Hi Bill, Sorry but your names not familiar to me, but regarding Gary Benson I sailed with him several times, the first being in 75 on the Anco Sceptre he was a junior Eng at the time, I then sailed with him on the Anco Templar in late 77 he was still a junior eng then as well, don't know when he was promoted to 4th or 3 OT as they called them in Panocean, I did a couple of trips on the Post ships after the union with Anco. Post Runner january 77 to august 77 I was there when she was sold to the Argentines and renamed ArgenPuma. ( one of the happiest ships I ever sailed on and had some really good times on the " Runner " ) Then Post Challenger in august 78 to december 78, then I went to college in Jan 79 to sit my 2nd eng ticket, the time I knew Gary I was sailing as 4th and 3rd Eng. Remember him well because we had a long and hard working trip on the Sceptre in 75 have some photos somewhere of us in Japan, think it was yokohama. Thanks for your reply, Regards Martin G


----------



## Bill Greig (Jul 4, 2006)

Hi Martin,
maybe he was still 5th Eng on the Champion, the memory is a bit foggy.
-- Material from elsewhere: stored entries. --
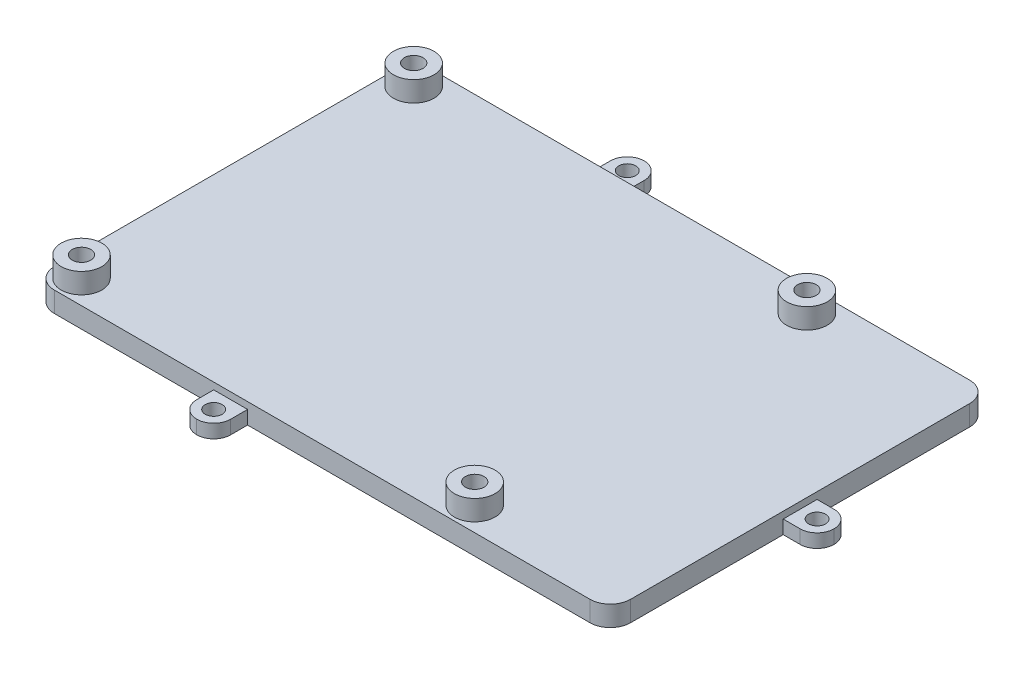
ISO-10303-21;
HEADER;
FILE_DESCRIPTION(('STEP AP214'),'2;1');
FILE_NAME('part.step','',(''),(''),'','','');
FILE_SCHEMA(('AUTOMOTIVE_DESIGN { 1 0 10303 214 1 1 1 1 }'));
ENDSEC;
DATA;
#1=APPLICATION_CONTEXT('core data for automotive mechanical design processes');
#2=APPLICATION_PROTOCOL_DEFINITION('international standard','automotive_design',2000,#1);
#3=PRODUCT_CONTEXT('',#1,'mechanical');
#4=PRODUCT('Part','Part','',(#3));
#5=PRODUCT_RELATED_PRODUCT_CATEGORY('part','',(#4));
#6=PRODUCT_DEFINITION_FORMATION('','',#4);
#7=PRODUCT_DEFINITION_CONTEXT('part definition',#1,'design');
#8=PRODUCT_DEFINITION('design','',#6,#7);
#9=PRODUCT_DEFINITION_SHAPE('','',#8);
#10=(LENGTH_UNIT() NAMED_UNIT(*) SI_UNIT(.MILLI.,.METRE.));
#11=(NAMED_UNIT(*) PLANE_ANGLE_UNIT() SI_UNIT($,.RADIAN.));
#12=(NAMED_UNIT(*) SI_UNIT($,.STERADIAN.) SOLID_ANGLE_UNIT());
#13=UNCERTAINTY_MEASURE_WITH_UNIT(LENGTH_MEASURE(1.E-05),#10,'distance_accuracy_value','');
#14=(GEOMETRIC_REPRESENTATION_CONTEXT(3) GLOBAL_UNCERTAINTY_ASSIGNED_CONTEXT((#13)) GLOBAL_UNIT_ASSIGNED_CONTEXT((#10,
#11,#12)) REPRESENTATION_CONTEXT('',''));
#15=CARTESIAN_POINT('',(0.,0.,0.));
#16=DIRECTION('',(0.,0.,1.));
#17=DIRECTION('',(1.,0.,0.));
#18=AXIS2_PLACEMENT_3D('',#15,#16,#17);
#19=CARTESIAN_POINT('',(0.,3.,0.));
#20=DIRECTION('',(0.,1.,0.));
#21=DIRECTION('',(0.,0.,1.));
#22=AXIS2_PLACEMENT_3D('',#19,#20,#21);
#23=PLANE('',#22);
#24=CARTESIAN_POINT('',(3.50000000000001,3.,-3.5));
#25=DIRECTION('',(0.,1.,0.));
#26=DIRECTION('',(0.,0.,1.));
#27=AXIS2_PLACEMENT_3D('',#24,#25,#26);
#28=CIRCLE('',#27,3.);
#29=CARTESIAN_POINT('',(3.50000000000001,3.,-0.5));
#30=VERTEX_POINT('',#29);
#31=EDGE_CURVE('E293',#30,#30,#28,.T.);
#32=ORIENTED_EDGE('',*,*,#31,.F.);
#33=EDGE_LOOP('',(#32));
#34=FACE_BOUND('',#33,.T.);
#35=CARTESIAN_POINT('',(3.50000000000001,3.,-52.5));
#36=DIRECTION('',(0.,1.,0.));
#37=DIRECTION('',(0.,0.,1.));
#38=AXIS2_PLACEMENT_3D('',#35,#36,#37);
#39=CIRCLE('',#38,3.);
#40=CARTESIAN_POINT('',(3.50000000000001,3.,-49.5));
#41=VERTEX_POINT('',#40);
#42=EDGE_CURVE('E311',#41,#41,#39,.T.);
#43=ORIENTED_EDGE('',*,*,#42,.F.);
#44=EDGE_LOOP('',(#43));
#45=FACE_BOUND('',#44,.T.);
#46=DIRECTION('',(-1.,0.,0.));
#47=VECTOR('',#46,1.);
#48=CARTESIAN_POINT('',(0.,3.,-56.));
#49=LINE('',#48,#47);
#50=CARTESIAN_POINT('',(82.,3.,-56.));
#51=VERTEX_POINT('',#50);
#52=CARTESIAN_POINT('',(3.,3.,-56.));
#53=VERTEX_POINT('',#52);
#54=EDGE_CURVE('E340',#51,#53,#49,.T.);
#55=ORIENTED_EDGE('',*,*,#54,.T.);
#56=CARTESIAN_POINT('',(3.,3.,-53.));
#57=DIRECTION('',(0.,1.,0.));
#58=DIRECTION('',(0.,0.,1.));
#59=AXIS2_PLACEMENT_3D('',#56,#57,#58);
#60=CIRCLE('',#59,3.);
#61=CARTESIAN_POINT('',(0.,3.,-53.));
#62=VERTEX_POINT('',#61);
#63=EDGE_CURVE('E376',#53,#62,#60,.T.);
#64=ORIENTED_EDGE('',*,*,#63,.T.);
#65=DIRECTION('',(0.,0.,1.));
#66=VECTOR('',#65,1.);
#67=CARTESIAN_POINT('',(0.,3.,-56.));
#68=LINE('',#67,#66);
#69=CARTESIAN_POINT('',(0.,3.,-3.));
#70=VERTEX_POINT('',#69);
#71=EDGE_CURVE('E330',#62,#70,#68,.T.);
#72=ORIENTED_EDGE('',*,*,#71,.T.);
#73=CARTESIAN_POINT('',(3.,3.,-3.));
#74=DIRECTION('',(0.,1.,0.));
#75=DIRECTION('',(0.,0.,1.));
#76=AXIS2_PLACEMENT_3D('',#73,#74,#75);
#77=CIRCLE('',#76,3.);
#78=CARTESIAN_POINT('',(3.,3.,0.));
#79=VERTEX_POINT('',#78);
#80=EDGE_CURVE('E370',#70,#79,#77,.T.);
#81=ORIENTED_EDGE('',*,*,#80,.T.);
#82=DIRECTION('',(1.,0.,0.));
#83=VECTOR('',#82,1.);
#84=CARTESIAN_POINT('',(0.,3.,0.));
#85=LINE('',#84,#83);
#86=CARTESIAN_POINT('',(82.,3.,0.));
#87=VERTEX_POINT('',#86);
#88=EDGE_CURVE('E333',#79,#87,#85,.T.);
#89=ORIENTED_EDGE('',*,*,#88,.T.);
#90=CARTESIAN_POINT('',(82.,3.,-3.));
#91=DIRECTION('',(0.,1.,0.));
#92=DIRECTION('',(0.,0.,1.));
#93=AXIS2_PLACEMENT_3D('',#90,#91,#92);
#94=CIRCLE('',#93,3.);
#95=CARTESIAN_POINT('',(85.,3.,-3.00000000000002));
#96=VERTEX_POINT('',#95);
#97=EDGE_CURVE('E372',#87,#96,#94,.T.);
#98=ORIENTED_EDGE('',*,*,#97,.T.);
#99=DIRECTION('',(0.,0.,-1.));
#100=VECTOR('',#99,1.);
#101=CARTESIAN_POINT('',(85.,3.,-56.));
#102=LINE('',#101,#100);
#103=CARTESIAN_POINT('',(85.,3.,-53.));
#104=VERTEX_POINT('',#103);
#105=EDGE_CURVE('E337',#96,#104,#102,.T.);
#106=ORIENTED_EDGE('',*,*,#105,.T.);
#107=CARTESIAN_POINT('',(82.,3.,-53.));
#108=DIRECTION('',(0.,1.,0.));
#109=DIRECTION('',(0.,0.,1.));
#110=AXIS2_PLACEMENT_3D('',#107,#108,#109);
#111=CIRCLE('',#110,3.);
#112=EDGE_CURVE('E374',#104,#51,#111,.T.);
#113=ORIENTED_EDGE('',*,*,#112,.T.);
#114=EDGE_LOOP('',(#55,#64,#72,#81,#89,#98,#106,#113));
#115=FACE_BOUND('',#114,.T.);
#116=CARTESIAN_POINT('',(61.5,3.,-52.5));
#117=DIRECTION('',(0.,1.,0.));
#118=DIRECTION('',(0.,0.,1.));
#119=AXIS2_PLACEMENT_3D('',#116,#117,#118);
#120=CIRCLE('',#119,3.00000000000001);
#121=CARTESIAN_POINT('',(61.5,3.,-49.5));
#122=VERTEX_POINT('',#121);
#123=EDGE_CURVE('E302',#122,#122,#120,.T.);
#124=ORIENTED_EDGE('',*,*,#123,.F.);
#125=EDGE_LOOP('',(#124));
#126=FACE_BOUND('',#125,.T.);
#127=CARTESIAN_POINT('',(61.5,3.,-3.5));
#128=DIRECTION('',(0.,1.,0.));
#129=DIRECTION('',(0.,0.,1.));
#130=AXIS2_PLACEMENT_3D('',#127,#128,#129);
#131=CIRCLE('',#130,3.00000000000001);
#132=CARTESIAN_POINT('',(61.5,3.,-0.499999999999992));
#133=VERTEX_POINT('',#132);
#134=EDGE_CURVE('E284',#133,#133,#131,.T.);
#135=ORIENTED_EDGE('',*,*,#134,.F.);
#136=EDGE_LOOP('',(#135));
#137=FACE_BOUND('',#136,.T.);
#138=ADVANCED_FACE('F34',(#34,#45,#115,#126,#137),#23,.T.);
#139=CARTESIAN_POINT('',(0.,0.,0.));
#140=DIRECTION('',(0.,1.,0.));
#141=DIRECTION('',(0.,0.,1.));
#142=AXIS2_PLACEMENT_3D('',#139,#140,#141);
#143=PLANE('',#142);
#144=DIRECTION('',(1.,0.,0.));
#145=VECTOR('',#144,1.);
#146=CARTESIAN_POINT('',(85.,0.,-30.5));
#147=LINE('',#146,#145);
#148=CARTESIAN_POINT('',(85.,0.,-30.5));
#149=VERTEX_POINT('',#148);
#150=CARTESIAN_POINT('',(87.5,0.,-30.5));
#151=VERTEX_POINT('',#150);
#152=EDGE_CURVE('E194',#149,#151,#147,.T.);
#153=ORIENTED_EDGE('',*,*,#152,.T.);
#154=CARTESIAN_POINT('',(87.5,0.,-28.));
#155=DIRECTION('',(0.,1.,0.));
#156=DIRECTION('',(0.,0.,1.));
#157=AXIS2_PLACEMENT_3D('',#154,#155,#156);
#158=CIRCLE('',#157,2.5);
#159=CARTESIAN_POINT('',(90.,0.,-28.));
#160=VERTEX_POINT('',#159);
#161=EDGE_CURVE('E421',#151,#160,#158,.F.);
#162=ORIENTED_EDGE('',*,*,#161,.T.);
#163=CARTESIAN_POINT('',(87.5,0.,-28.));
#164=DIRECTION('',(0.,1.,0.));
#165=DIRECTION('',(0.,0.,1.));
#166=AXIS2_PLACEMENT_3D('',#163,#164,#165);
#167=CIRCLE('',#166,2.5);
#168=CARTESIAN_POINT('',(87.5,0.,-25.5));
#169=VERTEX_POINT('',#168);
#170=EDGE_CURVE('E419',#160,#169,#167,.F.);
#171=ORIENTED_EDGE('',*,*,#170,.T.);
#172=DIRECTION('',(-1.,0.,0.));
#173=VECTOR('',#172,1.);
#174=CARTESIAN_POINT('',(85.,0.,-25.5));
#175=LINE('',#174,#173);
#176=CARTESIAN_POINT('',(85.,0.,-25.5));
#177=VERTEX_POINT('',#176);
#178=EDGE_CURVE('E219',#169,#177,#175,.T.);
#179=ORIENTED_EDGE('',*,*,#178,.T.);
#180=DIRECTION('',(0.,0.,-1.));
#181=VECTOR('',#180,1.);
#182=CARTESIAN_POINT('',(85.,0.,-56.));
#183=LINE('',#182,#181);
#184=CARTESIAN_POINT('',(85.,0.,-3.00000000000002));
#185=VERTEX_POINT('',#184);
#186=EDGE_CURVE('E199',#185,#177,#183,.T.);
#187=ORIENTED_EDGE('',*,*,#186,.F.);
#188=CARTESIAN_POINT('',(82.,0.,-3.));
#189=DIRECTION('',(0.,1.,0.));
#190=DIRECTION('',(0.,0.,1.));
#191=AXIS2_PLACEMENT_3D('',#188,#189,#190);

I only did the one trip with Panocean but thoroughly enjoyed it. Other names I remember from that ship - Old Man Neil Hayward, Chief Eng. Ian Hewson, both fine gentlemen. Chief Steward was Ken Ollie from Newcastle. If I remember any more I'll drop you a line.
Cheers
Bill


----------



## Hayhurst (Aug 18, 2015)

Does anyone know of " Alex Engel " my last contact with him was when he was Cpt " MV LERT " OF Leck Shipping London, Late 70s early 80s.
Also, " Mike Sibotan " Last heard of, Delph N/Holland.


----------